Scholars believe that a Roman soldier discovered at least some of the scrolls during the war, and purposefully tore them into smaller pieces, accounting for the many thousands of fragments. Of course, the ravages of time and animals likely contributed to this phenomenon as well. Even after the discovery of the scrolls, it took a while for scholars to effectively apply a process of chemically bathing the scrolls to restore them to a state that they could be unrolled and read. Imagine a 1,000 year old piece of parchment and how elaborate the process of simply unrolling such a scroll (without its crumbling to bits) would be! In fact, it took almost 50 years for scientists to fully process all 15,000 fragments found in Qumran. This unbelievably massive archeological task was completed in 2001.
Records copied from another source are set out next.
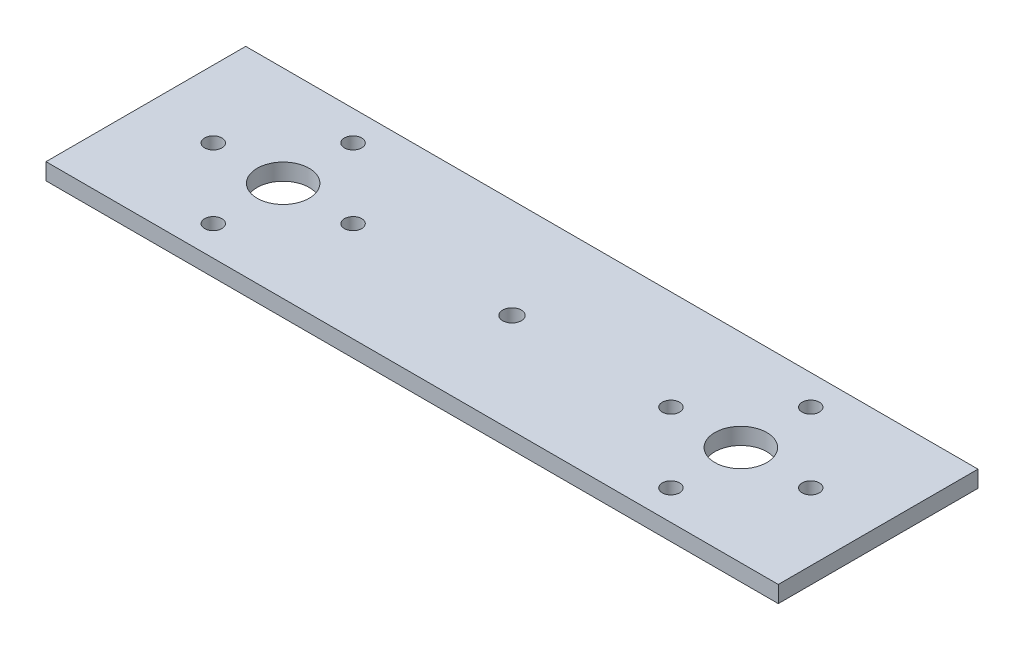
ISO-10303-21;
HEADER;
FILE_DESCRIPTION(('STEP AP214'),'2;1');
FILE_NAME('part.step','',(''),(''),'','','');
FILE_SCHEMA(('AUTOMOTIVE_DESIGN { 1 0 10303 214 1 1 1 1 }'));
ENDSEC;
DATA;
#1=APPLICATION_CONTEXT('core data for automotive mechanical design processes');
#2=APPLICATION_PROTOCOL_DEFINITION('international standard','automotive_design',2000,#1);
#3=PRODUCT_CONTEXT('',#1,'mechanical');
#4=PRODUCT('Part','Part','',(#3));
#5=PRODUCT_RELATED_PRODUCT_CATEGORY('part','',(#4));
#6=PRODUCT_DEFINITION_FORMATION('','',#4);
#7=PRODUCT_DEFINITION_CONTEXT('part definition',#1,'design');
#8=PRODUCT_DEFINITION('design','',#6,#7);
#9=PRODUCT_DEFINITION_SHAPE('','',#8);
#10=(LENGTH_UNIT() NAMED_UNIT(*) SI_UNIT(.MILLI.,.METRE.));
#11=(NAMED_UNIT(*) PLANE_ANGLE_UNIT() SI_UNIT($,.RADIAN.));
#12=(NAMED_UNIT(*) SI_UNIT($,.STERADIAN.) SOLID_ANGLE_UNIT());
#13=UNCERTAINTY_MEASURE_WITH_UNIT(LENGTH_MEASURE(1.E-05),#10,'distance_accuracy_value','');
#14=(GEOMETRIC_REPRESENTATION_CONTEXT(3) GLOBAL_UNCERTAINTY_ASSIGNED_CONTEXT((#13)) GLOBAL_UNIT_ASSIGNED_CONTEXT((#10,
#11,#12)) REPRESENTATION_CONTEXT('',''));
#15=CARTESIAN_POINT('',(0.,0.,0.));
#16=DIRECTION('',(0.,0.,1.));
#17=DIRECTION('',(1.,0.,0.));
#18=AXIS2_PLACEMENT_3D('',#15,#16,#17);
#19=CARTESIAN_POINT('',(139.7,6.35,38.1));
#20=DIRECTION('',(-1.,0.,0.));
#21=DIRECTION('',(0.,0.,1.));
#22=AXIS2_PLACEMENT_3D('',#19,#20,#21);
#23=PLANE('',#22);
#24=DIRECTION('',(0.,0.,-1.));
#25=VECTOR('',#24,1.);
#26=CARTESIAN_POINT('',(139.7,0.,38.1));
#27=LINE('',#26,#25);
#28=CARTESIAN_POINT('',(139.7,0.,38.1));
#29=VERTEX_POINT('',#28);
#30=CARTESIAN_POINT('',(139.7,0.,-38.1));
#31=VERTEX_POINT('',#30);
#32=EDGE_CURVE('E97',#29,#31,#27,.T.);
#33=ORIENTED_EDGE('',*,*,#32,.T.);
#34=DIRECTION('',(0.,-1.,0.));
#35=VECTOR('',#34,1.);
#36=CARTESIAN_POINT('',(139.7,6.35,-38.1));
#37=LINE('',#36,#35);
#38=CARTESIAN_POINT('',(139.7,6.35,-38.1));
#39=VERTEX_POINT('',#38);
#40=EDGE_CURVE('E11',#39,#31,#37,.T.);
#41=ORIENTED_EDGE('',*,*,#40,.F.);
#42=DIRECTION('',(0.,0.,-1.));
#43=VECTOR('',#42,1.);
#44=CARTESIAN_POINT('',(139.7,6.35,38.1));
#45=LINE('',#44,#43);
#46=CARTESIAN_POINT('',(139.7,6.35,38.1));
#47=VERTEX_POINT('',#46);
#48=EDGE_CURVE('E85',#47,#39,#45,.T.);
#49=ORIENTED_EDGE('',*,*,#48,.F.);
#50=DIRECTION('',(0.,-1.,0.));
#51=VECTOR('',#50,1.);
#52=CARTESIAN_POINT('',(139.7,6.35,38.1));
#53=LINE('',#52,#51);
#54=EDGE_CURVE('E93',#47,#29,#53,.T.);
#55=ORIENTED_EDGE('',*,*,#54,.T.);
#56=EDGE_LOOP('',(#33,#41,#49,#55));
#57=FACE_BOUND('',#56,.T.);
#58=ADVANCED_FACE('F34',(#57),#23,.F.);
#59=CARTESIAN_POINT('',(-139.7,6.35,-38.1));
#60=DIRECTION('',(0.,0.,1.));
#61=DIRECTION('',(1.,0.,0.));
#62=AXIS2_PLACEMENT_3D('',#59,#60,#61);
#63=PLANE('',#62);
#64=DIRECTION('',(-1.,0.,0.));
#65=VECTOR('',#64,1.);
#66=CARTESIAN_POINT('',(-139.7,0.,-38.1));
#67=LINE('',#66,#65);
#68=CARTESIAN_POINT('',(-139.7,0.,-38.1));
#69=VERTEX_POINT('',#68);
#70=EDGE_CURVE('E89',#31,#69,#67,.T.);
#71=ORIENTED_EDGE('',*,*,#70,.T.);
#72=DIRECTION('',(0.,-1.,0.));
#73=VECTOR('',#72,1.);
#74=CARTESIAN_POINT('',(-139.7,6.35,-38.1));
#75=LINE('',#74,#73);
#76=CARTESIAN_POINT('',(-139.7,6.35,-38.1));
#77=VERTEX_POINT('',#76);
#78=EDGE_CURVE('E42',#77,#69,#75,.T.);
#79=ORIENTED_EDGE('',*,*,#78,.F.);
#80=DIRECTION('',(-1.,0.,0.));
#81=VECTOR('',#80,1.);
#82=CARTESIAN_POINT('',(-139.7,6.35,-38.1));
#83=LINE('',#82,#81);
#84=EDGE_CURVE('E80',#39,#77,#83,.T.);
#85=ORIENTED_EDGE('',*,*,#84,.F.);
#86=ORIENTED_EDGE('',*,*,#40,.T.);
#87=EDGE_LOOP('',(#71,#79,#85,#86));
#88=FACE_BOUND('',#87,.T.);
#89=ADVANCED_FACE('F88',(#88),#63,.F.);
#90=CARTESIAN_POINT('',(-139.7,6.35,38.1));
#91=DIRECTION('',(1.,0.,0.));
#92=DIRECTION('',(0.,0.,-1.));
#93=AXIS2_PLACEMENT_3D('',#90,#91,#92);
#94=PLANE('',#93);
#95=DIRECTION('',(0.,0.,1.));
#96=VECTOR('',#95,1.);
#97=CARTESIAN_POINT('',(-139.7,0.,38.1));
#98=LINE('',#97,#96);
#99=CARTESIAN_POINT('',(-139.7,0.,38.1));
#100=VERTEX_POINT('',#99);
#101=EDGE_CURVE('E67',#69,#100,#98,.T.);
#102=ORIENTED_EDGE('',*,*,#101,.T.);
#103=DIRECTION('',(0.,-1.,0.));
#104=VECTOR('',#103,1.);
#105=CARTESIAN_POINT('',(-139.7,6.35,38.1));
#106=LINE('',#105,#104);
#107=CARTESIAN_POINT('',(-139.7,6.35,38.1));
#108=VERTEX_POINT('',#107);
#109=EDGE_CURVE('E90',#108,#100,#106,.T.);
#110=ORIENTED_EDGE('',*,*,#109,.F.);
#111=DIRECTION('',(0.,0.,1.));
#112=VECTOR('',#111,1.);
#113=CARTESIAN_POINT('',(-139.7,6.35,38.1));
#114=LINE('',#113,#112);
#115=EDGE_CURVE('E83',#77,#108,#114,.T.);
#116=ORIENTED_EDGE('',*,*,#115,.F.);
#117=ORIENTED_EDGE('',*,*,#78,.T.);
#118=EDGE_LOOP('',(#102,#110,#116,#117));
#119=FACE_BOUND('',#118,.T.);
#120=ADVANCED_FACE('F91',(#119),#94,.F.);
#121=CARTESIAN_POINT('',(-139.7,6.35,38.1));
#122=DIRECTION('',(0.,0.,-1.));
#123=DIRECTION('',(-1.,0.,0.));
#124=AXIS2_PLACEMENT_3D('',#121,#122,#123);
#125=PLANE('',#124);
#126=DIRECTION('',(1.,0.,0.));
#127=VECTOR('',#126,1.);
#128=CARTESIAN_POINT('',(-139.7,0.,38.1));
#129=LINE('',#128,#127);
#130=EDGE_CURVE('E73',#100,#29,#129,.T.);
#131=ORIENTED_EDGE('',*,*,#130,.T.);
#132=ORIENTED_EDGE('',*,*,#54,.F.);
#133=DIRECTION('',(1.,0.,0.));
#134=VECTOR('',#133,1.);
#135=CARTESIAN_POINT('',(-139.7,6.35,38.1));
#136=LINE('',#135,#134);
#137=EDGE_CURVE('E50',#108,#47,#136,.T.);
#138=ORIENTED_EDGE('',*,*,#137,.F.);
#139=ORIENTED_EDGE('',*,*,#109,.T.);
#140=EDGE_LOOP('',(#131,#132,#138,#139));
#141=FACE_BOUND('',#140,.T.);
#142=ADVANCED_FACE('F105',(#141),#125,.F.);
#143=CARTESIAN_POINT('',(0.,6.35,0.));
#144=DIRECTION('',(0.,-1.,0.));
#145=DIRECTION('',(0.,0.,-1.));
#146=AXIS2_PLACEMENT_3D('',#143,#144,#145);
#147=PLANE('',#146);
#148=CARTESIAN_POINT('',(0.,6.35,0.));
#149=DIRECTION('',(0.,-1.,0.));
#150=DIRECTION('',(0.,0.,-1.));
#151=AXIS2_PLACEMENT_3D('',#148,#149,#150);
#152=CIRCLE('',#151,3.556);
#153=CARTESIAN_POINT('',(0.,6.35,-3.556));
#154=VERTEX_POINT('',#153);
#155=EDGE_CURVE('E151',#154,#154,#152,.T.);
#156=ORIENTED_EDGE('',*,*,#155,.T.);
#157=EDGE_LOOP('',(#156));
#158=FACE_BOUND('',#157,.T.);
#159=CARTESIAN_POINT('',(-60.6425,6.35,0.));
#160=DIRECTION('',(0.,-1.,0.));
#161=DIRECTION('',(0.,0.,1.));
#162=AXIS2_PLACEMENT_3D('',#159,#160,#161);
#163=CIRCLE('',#162,3.302);
#164=CARTESIAN_POINT('',(-60.6425,6.35,3.302));
#165=VERTEX_POINT('',#164);
#166=EDGE_CURVE('E166',#165,#165,#163,.T.);
#167=ORIENTED_EDGE('',*,*,#166,.T.);
#168=EDGE_LOOP('',(#167));
#169=FACE_BOUND('',#168,.T.);
#170=CARTESIAN_POINT('',(-87.3125000000001,6.35,26.67));
#171=DIRECTION('',(0.,-1.,0.));
#172=DIRECTION('',(-1.,0.,0.));
#173=AXIS2_PLACEMENT_3D('',#170,#171,#172);
#174=CIRCLE('',#173,3.302);
#175=CARTESIAN_POINT('',(-90.6145000000001,6.35,26.67));
#176=VERTEX_POINT('',#175);
#177=EDGE_CURVE('E160',#176,#176,#174,.T.);
#178=ORIENTED_EDGE('',*,*,#177,.T.);
#179=EDGE_LOOP('',(#178));
#180=FACE_BOUND('',#179,.T.);
#181=CARTESIAN_POINT('',(-113.9825,6.35,0.));
#182=DIRECTION('',(0.,-1.,0.));
#183=DIRECTION('',(0.,0.,-1.));
#184=AXIS2_PLACEMENT_3D('',#181,#182,#183);
#185=CIRCLE('',#184,3.302);
#186=CARTESIAN_POINT('',(-113.9825,6.35,-3.302));
#187=VERTEX_POINT('',#186);
#188=EDGE_CURVE('E154',#187,#187,#185,.T.);
#189=ORIENTED_EDGE('',*,*,#188,.T.);
#190=EDGE_LOOP('',(#189));
#191=FACE_BOUND('',#190,.T.);
#192=CARTESIAN_POINT('',(-87.3124999999997,6.35,-26.67));
#193=DIRECTION('',(0.,-1.,0.));
#194=DIRECTION('',(1.,0.,0.));
#195=AXIS2_PLACEMENT_3D('',#192,#193,#194);
#196=CIRCLE('',#195,3.302);
#197=CARTESIAN_POINT('',(-84.0104999999997,6.35,-26.67));
#198=VERTEX_POINT('',#197);
#199=EDGE_CURVE('E147',#198,#198,#196,.T.);
#200=ORIENTED_EDGE('',*,*,#199,.T.);
#201=EDGE_LOOP('',(#200));
#202=FACE_BOUND('',#201,.T.);
#203=CARTESIAN_POINT('',(-87.3125,6.35,0.));
#204=DIRECTION('',(0.,1.,0.));
#205=DIRECTION('',(0.,0.,1.));
#206=AXIS2_PLACEMENT_3D('',#203,#204,#205);
#207=CIRCLE('',#206,9.921875);
#208=CARTESIAN_POINT('',(-87.3125,6.35,9.921875));
#209=VERTEX_POINT('',#208);
#210=EDGE_CURVE('E143',#209,#209,#207,.T.);
#211=ORIENTED_EDGE('',*,*,#210,.F.);
#212=EDGE_LOOP('',(#211));
#213=FACE_BOUND('',#212,.T.);
#214=CARTESIAN_POINT('',(87.3125000000001,6.35,26.67));
#215=DIRECTION('',(0.,1.,0.));
#216=DIRECTION('',(1.,0.,0.));
#217=AXIS2_PLACEMENT_3D('',#214,#215,#216);
#218=CIRCLE('',#217,3.302);
#219=CARTESIAN_POINT('',(90.6145000000001,6.35,26.67));
#220=VERTEX_POINT('',#219);
#221=EDGE_CURVE('E136',#220,#220,#218,.T.);
#222=ORIENTED_EDGE('',*,*,#221,.F.);
#223=EDGE_LOOP('',(#222));
#224=FACE_BOUND('',#223,.T.);
#225=CARTESIAN_POINT('',(113.9825,6.35,0.));
#226=DIRECTION('',(0.,1.,0.));
#227=DIRECTION('',(0.,0.,-1.));
#228=AXIS2_PLACEMENT_3D('',#225,#226,#227);
#229=CIRCLE('',#228,3.302);
#230=CARTESIAN_POINT('',(113.9825,6.35,-3.302));
#231=VERTEX_POINT('',#230);
#232=EDGE_CURVE('E130',#231,#231,#229,.T.);
#233=ORIENTED_EDGE('',*,*,#232,.F.);
#234=EDGE_LOOP('',(#233));
#235=FACE_BOUND('',#234,.T.);
#236=CARTESIAN_POINT('',(87.3124999999997,6.35,-26.67));
#237=DIRECTION('',(0.,1.,0.));
#238=DIRECTION('',(-1.,0.,0.));
#239=AXIS2_PLACEMENT_3D('',#236,#237,#238);
#240=CIRCLE('',#239,3.302);
#241=CARTESIAN_POINT('',(84.0104999999997,6.35,-26.67));
#242=VERTEX_POINT('',#241);
#243=EDGE_CURVE('E123',#242,#242,#240,.T.);
#244=ORIENTED_EDGE('',*,*,#243,.F.);
#245=EDGE_LOOP('',(#244));
#246=FACE_BOUND('',#245,.T.);
#247=CARTESIAN_POINT('',(60.6425,6.35,0.));
#248=DIRECTION('',(0.,1.,0.));
#249=DIRECTION('',(0.,0.,1.));
#250=AXIS2_PLACEMENT_3D('',#247,#248,#249);
#251=CIRCLE('',#250,3.302);
#252=CARTESIAN_POINT('',(60.6425,6.35,3.302));
#253=VERTEX_POINT('',#252);
#254=EDGE_CURVE('E117',#253,#253,#251,.T.);
#255=ORIENTED_EDGE('',*,*,#254,.F.);
#256=EDGE_LOOP('',(#255));
#257=FACE_BOUND('',#256,.T.);
#258=CARTESIAN_POINT('',(87.3125,6.35,0.));
#259=DIRECTION('',(0.,1.,0.));
#260=DIRECTION('',(0.,0.,1.));
#261=AXIS2_PLACEMENT_3D('',#258,#259,#260);
#262=CIRCLE('',#261,9.921875);
#263=CARTESIAN_POINT('',(87.3125,6.35,9.921875));
#264=VERTEX_POINT('',#263);
#265=EDGE_CURVE('E113',#264,#264,#262,.T.);
#266=ORIENTED_EDGE('',*,*,#265,.F.);
#267=EDGE_LOOP('',(#266));
#268=FACE_BOUND('',#267,.T.);
#269=ORIENTED_EDGE('',*,*,#48,.T.);
#270=ORIENTED_EDGE('',*,*,#84,.T.);
#271=ORIENTED_EDGE('',*,*,#115,.T.);
#272=ORIENTED_EDGE('',*,*,#137,.T.);
#273=EDGE_LOOP('',(#269,#270,#271,#272));
#274=FACE_BOUND('',#273,.T.);
#275=ADVANCED_FACE('F81',(#158,#169,#180,#191,#202,#213,#224,#235,#246,#257,#268,#274),#147,.F.);
#276=CARTESIAN_POINT('',(0.,0.,0.));
#277=DIRECTION('',(0.,-1.,0.));
#278=DIRECTION('',(0.,0.,-1.));
#279=AXIS2_PLACEMENT_3D('',#276,#277,#278);
#280=PLANE('',#279);
#281=CARTESIAN_POINT('',(0.,0.,0.));
#282=DIRECTION('',(0.,-1.,0.));
#283=DIRECTION('',(0.,0.,-1.));
#284=AXIS2_PLACEMENT_3D('',#281,#282,#283);
#285=CIRCLE('',#284,3.556);
#286=CARTESIAN_POINT('',(0.,0.,-3.556));
#287=VERTEX_POINT('',#286);
#288=EDGE_CURVE('E171',#287,#287,#285,.T.);
#289=ORIENTED_EDGE('',*,*,#288,.F.);
#290=EDGE_LOOP('',(#289));
#291=FACE_BOUND('',#290,.T.);
#292=CARTESIAN_POINT('',(-60.6425,0.,0.));
#293=DIRECTION('',(0.,-1.,0.));
#294=DIRECTION('',(0.,0.,1.));
#295=AXIS2_PLACEMENT_3D('',#292,#293,#294);
#296=CIRCLE('',#295,3.302);
#297=CARTESIAN_POINT('',(-60.6425,0.,3.302));
#298=VERTEX_POINT('',#297);
#299=EDGE_CURVE('E146',#298,#298,#296,.T.);
#300=ORIENTED_EDGE('',*,*,#299,.F.);
#301=EDGE_LOOP('',(#300));
#302=FACE_BOUND('',#301,.T.);
#303=CARTESIAN_POINT('',(-87.3125000000001,0.,26.67));
#304=DIRECTION('',(0.,-1.,0.));
#305=DIRECTION('',(-1.,0.,0.));
#306=AXIS2_PLACEMENT_3D('',#303,#304,#305);
#307=CIRCLE('',#306,3.302);
#308=CARTESIAN_POINT('',(-90.6145000000001,0.,26.67));
#309=VERTEX_POINT('',#308);
#310=EDGE_CURVE('E163',#309,#309,#307,.T.);
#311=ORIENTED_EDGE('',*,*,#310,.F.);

Probably the most interesting aspect of the entire experience for me was thinking about the dedication and diligence of the monks. Can you imagine spending your whole life – day after day after day – copying the Bible? I thought about how I would feel such a weight of responsibility to work with precision – how careful I would want to be in my work – as worship to God. But isn’t that how all our work should be? God calls us to the careful study of His Word and the careful execution of our daily responsibilities in our jobs, whatever they are. Both can and should be worship to God. Unfortunately, I rarely take such care in my work, and I feel like I’m doing well when I even just read the Bible consistently for a few days in a row.
Being at Qumran and thinking about the Scribes who copied Scripture there makes me want to be more faithful in my study of God’s Word and in worshipping God through my work. May it be so for all of us.